Dataset entries
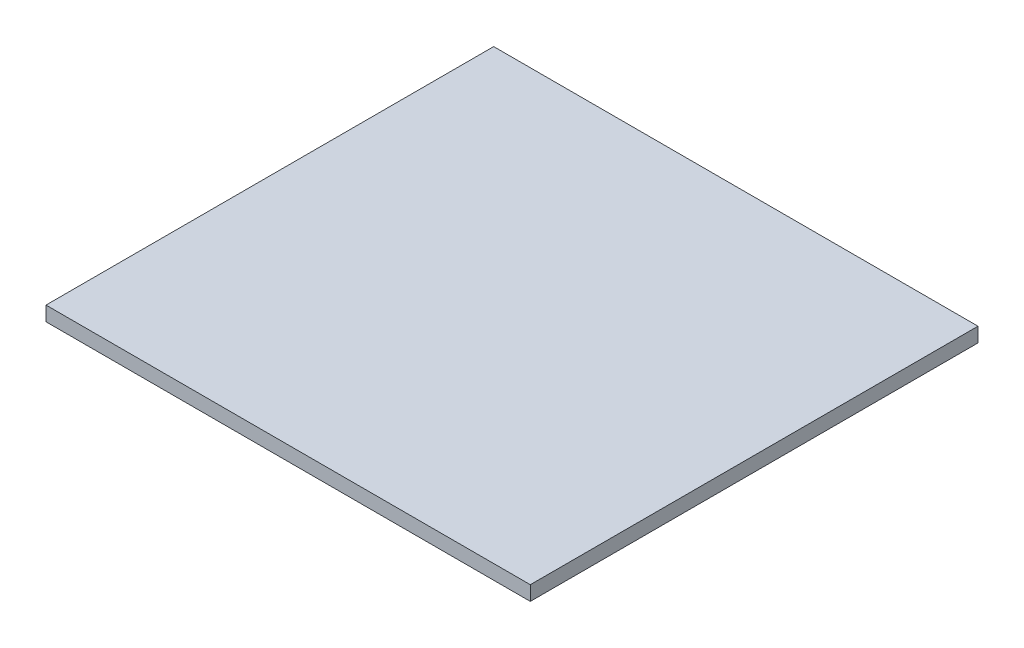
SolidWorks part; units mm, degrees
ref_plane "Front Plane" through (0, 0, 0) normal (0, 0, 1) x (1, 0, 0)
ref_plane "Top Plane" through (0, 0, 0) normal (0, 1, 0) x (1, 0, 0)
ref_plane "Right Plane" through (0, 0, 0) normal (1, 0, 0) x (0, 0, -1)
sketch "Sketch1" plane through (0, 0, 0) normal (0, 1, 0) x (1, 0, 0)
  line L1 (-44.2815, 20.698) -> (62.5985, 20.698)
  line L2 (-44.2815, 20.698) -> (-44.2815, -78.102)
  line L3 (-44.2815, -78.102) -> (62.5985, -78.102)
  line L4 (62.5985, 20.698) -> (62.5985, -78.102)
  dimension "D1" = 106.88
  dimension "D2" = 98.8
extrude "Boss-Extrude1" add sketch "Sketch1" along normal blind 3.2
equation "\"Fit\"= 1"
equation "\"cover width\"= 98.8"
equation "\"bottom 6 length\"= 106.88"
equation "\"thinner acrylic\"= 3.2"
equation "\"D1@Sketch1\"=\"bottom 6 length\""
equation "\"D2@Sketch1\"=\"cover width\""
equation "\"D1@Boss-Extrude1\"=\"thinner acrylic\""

Task goal:
Which lines of the records above hold the word "through"? Copy each one out.

Written response:
ref_plane "Front Plane" through (0, 0, 0) normal (0, 0, 1) x (1, 0, 0)
ref_plane "Top Plane" through (0, 0, 0) normal (0, 1, 0) x (1, 0, 0)
ref_plane "Right Plane" through (0, 0, 0) normal (1, 0, 0) x (0, 0, -1)
sketch "Sketch1" plane through (0, 0, 0) normal (0, 1, 0) x (1, 0, 0)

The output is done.